**PROBLEM**
Please write out, exactly as given, the line that contains "#264=DIRECTION('',(0.,0.,1.));" and all lines that follow it through the end of the listing, and nothing else.

**DATA LISTING**

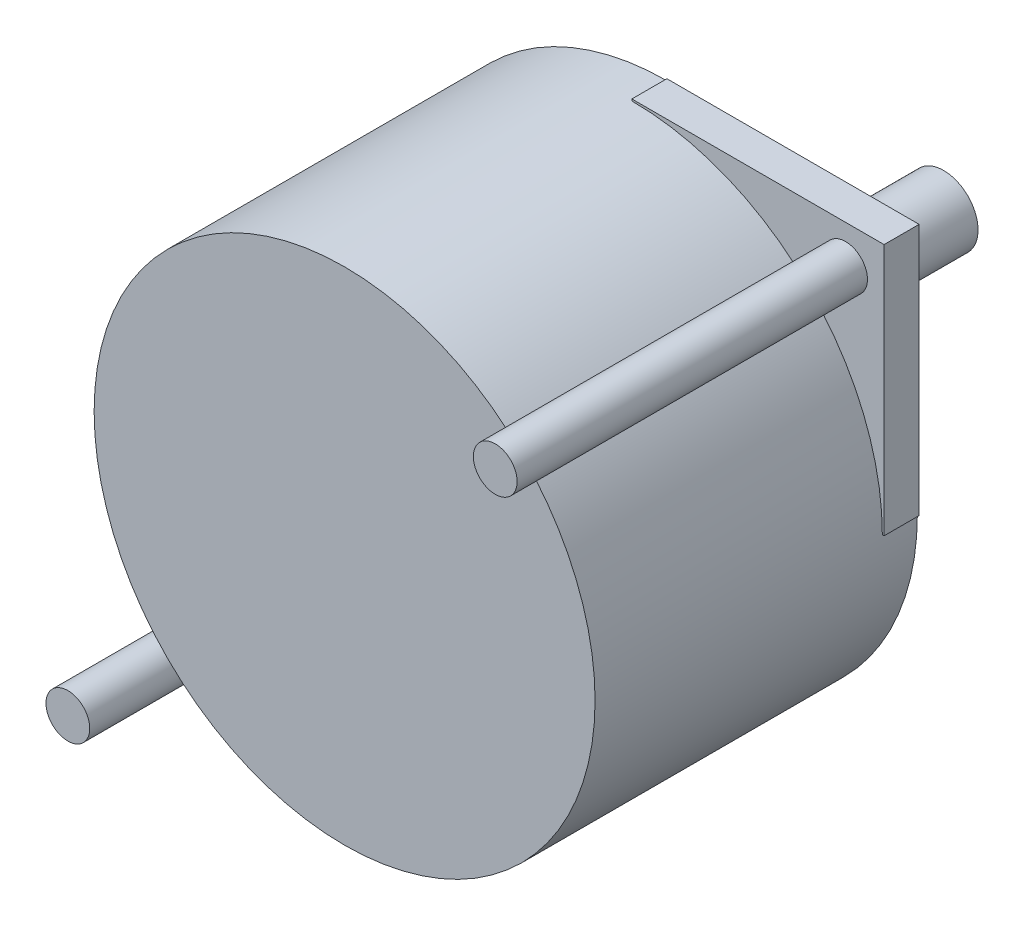
ISO-10303-21;
HEADER;
FILE_DESCRIPTION(('STEP AP214'),'2;1');
FILE_NAME('part.step','',(''),(''),'','','');
FILE_SCHEMA(('AUTOMOTIVE_DESIGN { 1 0 10303 214 1 1 1 1 }'));
ENDSEC;
DATA;
#1=APPLICATION_CONTEXT('core data for automotive mechanical design processes');
#2=APPLICATION_PROTOCOL_DEFINITION('international standard','automotive_design',2000,#1);
#3=PRODUCT_CONTEXT('',#1,'mechanical');
#4=PRODUCT('Part','Part','',(#3));
#5=PRODUCT_RELATED_PRODUCT_CATEGORY('part','',(#4));
#6=PRODUCT_DEFINITION_FORMATION('','',#4);
#7=PRODUCT_DEFINITION_CONTEXT('part definition',#1,'design');
#8=PRODUCT_DEFINITION('design','',#6,#7);
#9=PRODUCT_DEFINITION_SHAPE('','',#8);
#10=(LENGTH_UNIT() NAMED_UNIT(*) SI_UNIT(.MILLI.,.METRE.));
#11=(NAMED_UNIT(*) PLANE_ANGLE_UNIT() SI_UNIT($,.RADIAN.));
#12=(NAMED_UNIT(*) SI_UNIT($,.STERADIAN.) SOLID_ANGLE_UNIT());
#13=UNCERTAINTY_MEASURE_WITH_UNIT(LENGTH_MEASURE(1.E-05),#10,'distance_accuracy_value','');
#14=(GEOMETRIC_REPRESENTATION_CONTEXT(3) GLOBAL_UNCERTAINTY_ASSIGNED_CONTEXT((#13)) GLOBAL_UNIT_ASSIGNED_CONTEXT((#10,
#11,#12)) REPRESENTATION_CONTEXT('',''));
#15=CARTESIAN_POINT('',(0.,0.,0.));
#16=DIRECTION('',(0.,0.,1.));
#17=DIRECTION('',(1.,0.,0.));
#18=AXIS2_PLACEMENT_3D('',#15,#16,#17);
#19=CARTESIAN_POINT('',(0.,0.,2.54));
#20=DIRECTION('',(0.,0.,1.));
#21=DIRECTION('',(1.,0.,0.));
#22=AXIS2_PLACEMENT_3D('',#19,#20,#21);
#23=PLANE('',#22);
#24=CARTESIAN_POINT('',(2.15591616766473,-32.8378083832335,2.54));
#25=DIRECTION('',(0.,0.,1.));
#26=DIRECTION('',(1.,0.,0.));
#27=AXIS2_PLACEMENT_3D('',#24,#25,#26);
#28=CIRCLE('',#27,1.5875);
#29=CARTESIAN_POINT('',(3.74341616766473,-32.8378083832335,2.54));
#30=VERTEX_POINT('',#29);
#31=EDGE_CURVE('E166',#30,#30,#28,.T.);
#32=ORIENTED_EDGE('',*,*,#31,.F.);
#33=EDGE_LOOP('',(#32));
#34=FACE_BOUND('',#33,.T.);
#35=DIRECTION('',(0.,-1.,0.));
#36=VECTOR('',#35,1.);
#37=CARTESIAN_POINT('',(17.6499161676647,-35.6318083832335,2.54));
#38=LINE('',#37,#36);
#39=CARTESIAN_POINT('',(17.6499161676647,-35.5048083832335,2.54));
#40=VERTEX_POINT('',#39);
#41=CARTESIAN_POINT('',(17.6499161676647,-35.6318083832335,2.54));
#42=VERTEX_POINT('',#41);
#43=EDGE_CURVE('E133',#40,#42,#38,.T.);
#44=ORIENTED_EDGE('',*,*,#43,.F.);
#45=CARTESIAN_POINT('',(17.6499161676647,-17.3438083832335,2.54));
#46=DIRECTION('',(0.,0.,1.));
#47=DIRECTION('',(1.,0.,0.));
#48=AXIS2_PLACEMENT_3D('',#45,#46,#47);
#49=CIRCLE('',#48,18.161);
#50=CARTESIAN_POINT('',(-0.511083832335335,-17.3438083832335,2.54));
#51=VERTEX_POINT('',#50);
#52=EDGE_CURVE('E121',#51,#40,#49,.T.);
#53=ORIENTED_EDGE('',*,*,#52,.F.);
#54=DIRECTION('',(1.,0.,0.));
#55=VECTOR('',#54,1.);
#56=CARTESIAN_POINT('',(-0.638083832335327,-17.3438083832335,2.54));
#57=LINE('',#56,#55);
#58=CARTESIAN_POINT('',(-0.638083832335327,-17.3438083832335,2.54));
#59=VERTEX_POINT('',#58);
#60=EDGE_CURVE('E148',#59,#51,#57,.T.);
#61=ORIENTED_EDGE('',*,*,#60,.F.);
#62=DIRECTION('',(0.,-1.,0.));
#63=VECTOR('',#62,1.);
#64=CARTESIAN_POINT('',(-0.638083832335329,0.944191616766467,2.54));
#65=LINE('',#64,#63);
#66=CARTESIAN_POINT('',(-0.638083832335325,-35.6318083832335,2.54));
#67=VERTEX_POINT('',#66);
#68=EDGE_CURVE('E184',#59,#67,#65,.T.);
#69=ORIENTED_EDGE('',*,*,#68,.T.);
#70=DIRECTION('',(1.,0.,0.));
#71=VECTOR('',#70,1.);
#72=CARTESIAN_POINT('',(-0.638083832335325,-35.6318083832335,2.54));
#73=LINE('',#72,#71);
#74=EDGE_CURVE('E186',#67,#42,#73,.T.);
#75=ORIENTED_EDGE('',*,*,#74,.T.);
#76=EDGE_LOOP('',(#44,#53,#61,#69,#75));
#77=FACE_BOUND('',#76,.T.);
#78=ADVANCED_FACE('F34',(#34,#77),#23,.T.);
#79=CARTESIAN_POINT('',(33.1439161676646,-1.84980838323354,2.54));
#80=DIRECTION('',(0.,0.,1.));
#81=DIRECTION('',(1.,0.,0.));
#82=AXIS2_PLACEMENT_3D('',#79,#80,#81);
#83=CIRCLE('',#82,1.5875);
#84=CARTESIAN_POINT('',(34.7314161676646,-1.84980838323354,2.54));
#85=VERTEX_POINT('',#84);
#86=EDGE_CURVE('E175',#85,#85,#83,.T.);
#87=ORIENTED_EDGE('',*,*,#86,.F.);
#88=EDGE_LOOP('',(#87));
#89=FACE_BOUND('',#88,.T.);
#90=DIRECTION('',(0.,1.,0.));
#91=VECTOR('',#90,1.);
#92=CARTESIAN_POINT('',(17.6499161676647,0.944191616766467,2.54));
#93=LINE('',#92,#91);
#94=CARTESIAN_POINT('',(17.6499161676647,0.817191616766473,2.54));
#95=VERTEX_POINT('',#94);
#96=CARTESIAN_POINT('',(17.6499161676647,0.944191616766467,2.54));
#97=VERTEX_POINT('',#96);
#98=EDGE_CURVE('E118',#95,#97,#93,.T.);
#99=ORIENTED_EDGE('',*,*,#98,.F.);
#100=CARTESIAN_POINT('',(35.8109161676647,-17.3438083832335,2.54));
#101=VERTEX_POINT('',#100);
#102=EDGE_CURVE('E112',#101,#95,#49,.T.);
#103=ORIENTED_EDGE('',*,*,#102,.F.);
#104=DIRECTION('',(-1.,0.,0.));
#105=VECTOR('',#104,1.);
#106=CARTESIAN_POINT('',(35.9379161676647,-17.3438083832335,2.54));
#107=LINE('',#106,#105);
#108=CARTESIAN_POINT('',(35.9379161676647,-17.3438083832335,2.54));
#109=VERTEX_POINT('',#108);
#110=EDGE_CURVE('E115',#109,#101,#107,.T.);
#111=ORIENTED_EDGE('',*,*,#110,.F.);
#112=DIRECTION('',(0.,1.,0.));
#113=VECTOR('',#112,1.);
#114=CARTESIAN_POINT('',(35.9379161676647,0.944191616766467,2.54));
#115=LINE('',#114,#113);
#116=CARTESIAN_POINT('',(35.9379161676647,0.944191616766467,2.54));
#117=VERTEX_POINT('',#116);
#118=EDGE_CURVE('E190',#109,#117,#115,.T.);
#119=ORIENTED_EDGE('',*,*,#118,.T.);
#120=DIRECTION('',(-1.,0.,0.));
#121=VECTOR('',#120,1.);
#122=CARTESIAN_POINT('',(-0.638083832335329,0.944191616766467,2.54));
#123=LINE('',#122,#121);
#124=EDGE_CURVE('E192',#117,#97,#123,.T.);
#125=ORIENTED_EDGE('',*,*,#124,.T.);
#126=EDGE_LOOP('',(#99,#103,#111,#119,#125));
#127=FACE_BOUND('',#126,.T.);
#128=ADVANCED_FACE('F113',(#89,#127),#23,.T.);
#129=CARTESIAN_POINT('',(17.6499161676647,-17.3438083832335,-1.016));
#130=DIRECTION('',(0.,0.,-1.));
#131=DIRECTION('',(-1.,0.,0.));
#132=AXIS2_PLACEMENT_3D('',#129,#130,#131);
#133=PLANE('',#132);
#134=CARTESIAN_POINT('',(17.6499161676647,-17.3438083832335,-1.016));
#135=DIRECTION('',(0.,0.,-1.));
#136=DIRECTION('',(-1.,0.,0.));
#137=AXIS2_PLACEMENT_3D('',#134,#135,#136);
#138=CIRCLE('',#137,8.001);
#139=CARTESIAN_POINT('',(9.64891616766467,-17.3438083832335,-1.016));
#140=VERTEX_POINT('',#139);
#141=EDGE_CURVE('E134',#140,#140,#138,.T.);
#142=ORIENTED_EDGE('',*,*,#141,.T.);
#143=EDGE_LOOP('',(#142));
#144=FACE_BOUND('',#143,.T.);
#145=CARTESIAN_POINT('',(17.6499161676647,-17.3438083832335,-1.016));
#146=DIRECTION('',(0.,0.,-1.));
#147=DIRECTION('',(-1.,0.,0.));
#148=AXIS2_PLACEMENT_3D('',#145,#146,#147);
#149=CIRCLE('',#148,2.49555);
#150=CARTESIAN_POINT('',(15.1543661676647,-17.3438083832335,-1.016));
#151=VERTEX_POINT('',#150);
#152=EDGE_CURVE('E222',#151,#151,#149,.T.);
#153=ORIENTED_EDGE('',*,*,#152,.F.);
#154=EDGE_LOOP('',(#153));
#155=FACE_BOUND('',#154,.T.);
#156=ADVANCED_FACE('F251',(#144,#155),#133,.T.);
#157=CARTESIAN_POINT('',(0.,0.,0.));
#158=DIRECTION('',(0.,0.,1.));
#159=DIRECTION('',(1.,0.,0.));
#160=AXIS2_PLACEMENT_3D('',#157,#158,#159);
#161=PLANE('',#160);
#162=CARTESIAN_POINT('',(17.6499161676647,-17.3438083832335,0.));
#163=DIRECTION('',(0.,0.,-1.));
#164=DIRECTION('',(1.,0.,0.));
#165=AXIS2_PLACEMENT_3D('',#162,#163,#164);
#166=CIRCLE('',#165,18.161);
#167=CARTESIAN_POINT('',(35.8109161676647,-17.3438083832335,0.));
#168=VERTEX_POINT('',#167);
#169=CARTESIAN_POINT('',(17.6499161676647,-35.5048083832335,0.));
#170=VERTEX_POINT('',#169);
#171=EDGE_CURVE('E49',#168,#170,#166,.T.);
#172=ORIENTED_EDGE('',*,*,#171,.T.);
#173=DIRECTION('',(0.,-1.,0.));
#174=VECTOR('',#173,1.);
#175=CARTESIAN_POINT('',(17.6499161676647,-35.6318083832335,0.));
#176=LINE('',#175,#174);
#177=CARTESIAN_POINT('',(17.6499161676647,-35.6318083832335,0.));
#178=VERTEX_POINT('',#177);
#179=EDGE_CURVE('E142',#170,#178,#176,.T.);
#180=ORIENTED_EDGE('',*,*,#179,.T.);
#181=DIRECTION('',(1.,0.,0.));
#182=VECTOR('',#181,1.);
#183=CARTESIAN_POINT('',(-0.638083832335325,-35.6318083832335,0.));
#184=LINE('',#183,#182);
#185=CARTESIAN_POINT('',(-0.638083832335325,-35.6318083832335,0.));
#186=VERTEX_POINT('',#185);
#187=EDGE_CURVE('E196',#186,#178,#184,.T.);
#188=ORIENTED_EDGE('',*,*,#187,.F.);
#189=DIRECTION('',(0.,-1.,0.));
#190=VECTOR('',#189,1.);
#191=CARTESIAN_POINT('',(-0.638083832335329,0.944191616766467,0.));
#192=LINE('',#191,#190);
#193=CARTESIAN_POINT('',(-0.638083832335327,-17.3438083832335,0.));
#194=VERTEX_POINT('',#193);
#195=EDGE_CURVE('E181',#194,#186,#192,.T.);
#196=ORIENTED_EDGE('',*,*,#195,.F.);
#197=DIRECTION('',(1.,0.,0.));
#198=VECTOR('',#197,1.);
#199=CARTESIAN_POINT('',(-0.638083832335327,-17.3438083832335,0.));
#200=LINE('',#199,#198);
#201=CARTESIAN_POINT('',(-0.511083832335335,-17.3438083832335,0.));
#202=VERTEX_POINT('',#201);
#203=EDGE_CURVE('E152',#194,#202,#200,.T.);
#204=ORIENTED_EDGE('',*,*,#203,.T.);
#205=CARTESIAN_POINT('',(17.6499161676647,-17.3438083832335,0.));
#206=DIRECTION('',(0.,0.,-1.));
#207=DIRECTION('',(1.,0.,0.));
#208=AXIS2_PLACEMENT_3D('',#205,#206,#207);
#209=CIRCLE('',#208,18.161);
#210=CARTESIAN_POINT('',(17.6499161676647,0.817191616766473,0.));
#211=VERTEX_POINT('',#210);
#212=EDGE_CURVE('E56',#202,#211,#209,.T.);
#213=ORIENTED_EDGE('',*,*,#212,.T.);
#214=DIRECTION('',(0.,1.,0.));
#215=VECTOR('',#214,1.);
#216=CARTESIAN_POINT('',(17.6499161676647,0.944191616766467,0.));
#217=LINE('',#216,#215);
#218=CARTESIAN_POINT('',(17.6499161676647,0.944191616766467,0.));
#219=VERTEX_POINT('',#218);
#220=EDGE_CURVE('E156',#211,#219,#217,.T.);
#221=ORIENTED_EDGE('',*,*,#220,.T.);
#222=DIRECTION('',(-1.,0.,0.));
#223=VECTOR('',#222,1.);
#224=CARTESIAN_POINT('',(-0.638083832335329,0.944191616766467,0.));
#225=LINE('',#224,#223);
#226=CARTESIAN_POINT('',(35.9379161676647,0.944191616766467,0.));
#227=VERTEX_POINT('',#226);
#228=EDGE_CURVE('E187',#227,#219,#225,.T.);
#229=ORIENTED_EDGE('',*,*,#228,.F.);
#230=DIRECTION('',(0.,1.,0.));
#231=VECTOR('',#230,1.);
#232=CARTESIAN_POINT('',(35.9379161676647,0.944191616766467,0.));
#233=LINE('',#232,#231);
#234=CARTESIAN_POINT('',(35.9379161676647,-17.3438083832335,0.));
#235=VERTEX_POINT('',#234);
#236=EDGE_CURVE('E199',#235,#227,#233,.T.);
#237=ORIENTED_EDGE('',*,*,#236,.F.);
#238=DIRECTION('',(-1.,0.,0.));
#239=VECTOR('',#238,1.);
#240=CARTESIAN_POINT('',(35.9379161676647,-17.3438083832335,0.));
#241=LINE('',#240,#239);
#242=EDGE_CURVE('E136',#235,#168,#241,.T.);
#243=ORIENTED_EDGE('',*,*,#242,.T.);
#244=EDGE_LOOP('',(#172,#180,#188,#196,#204,#213,#221,#229,#237,#243));
#245=FACE_BOUND('',#244,.T.);
#246=CARTESIAN_POINT('',(17.6499161676647,-17.3438083832335,0.));
#247=DIRECTION('',(0.,0.,1.));
#248=DIRECTION('',(1.,0.,0.));
#249=AXIS2_PLACEMENT_3D('',#246,#247,#248);
#250=CIRCLE('',#249,8.001);
#251=CARTESIAN_POINT('',(25.6509161676647,-17.3438083832335,0.));
#252=VERTEX_POINT('',#251);
#253=EDGE_CURVE('E11',#252,#252,#250,.F.);
#254=ORIENTED_EDGE('',*,*,#253,.F.);
#255=EDGE_LOOP('',(#254));
#256=FACE_BOUND('',#255,.T.);
#257=ADVANCED_FACE('F216',(#245,#256),#161,.F.);
#258=CARTESIAN_POINT('',(-0.638083832335329,0.944191616766467,2.54));
#259=DIRECTION('',(1.,0.,0.));
#260=DIRECTION('',(0.,1.,0.));
#261=AXIS2_PLACEMENT_3D('',#258,#259,#260);
#262=PLANE('',#261);
#263=ORIENTED_EDGE('',*,*,#68,.F.);
#264=DIRECTION('',(0.,0.,1.));
#265=VECTOR('',#264,1.);
#266=CARTESIAN_POINT('',(-0.638083832335327,-17.3438083832335,0.));
#267=LINE('',#266,#265);
#268=EDGE_CURVE('E159',#194,#59,#267,.T.);
#269=ORIENTED_EDGE('',*,*,#268,.F.);
#270=ORIENTED_EDGE('',*,*,#195,.T.);
#271=DIRECTION('',(0.,0.,-1.));
#272=VECTOR('',#271,1.);
#273=CARTESIAN_POINT('',(-0.638083832335325,-35.6318083832335,2.54));
#274=LINE('',#273,#272);
#275=EDGE_CURVE('E42',#67,#186,#274,.T.);
#276=ORIENTED_EDGE('',*,*,#275,.F.);
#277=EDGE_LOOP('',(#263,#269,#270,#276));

**SOLUTION**
#264=DIRECTION('',(0.,0.,1.));
#265=VECTOR('',#264,1.);
#266=CARTESIAN_POINT('',(-0.638083832335327,-17.3438083832335,0.));
#267=LINE('',#266,#265);
#268=EDGE_CURVE('E159',#194,#59,#267,.T.);
#269=ORIENTED_EDGE('',*,*,#268,.F.);
#270=ORIENTED_EDGE('',*,*,#195,.T.);
#271=DIRECTION('',(0.,0.,-1.));
#272=VECTOR('',#271,1.);
#273=CARTESIAN_POINT('',(-0.638083832335325,-35.6318083832335,2.54));
#274=LINE('',#273,#272);
#275=EDGE_CURVE('E42',#67,#186,#274,.T.);
#276=ORIENTED_EDGE('',*,*,#275,.F.);
#277=EDGE_LOOP('',(#263,#269,#270,#276));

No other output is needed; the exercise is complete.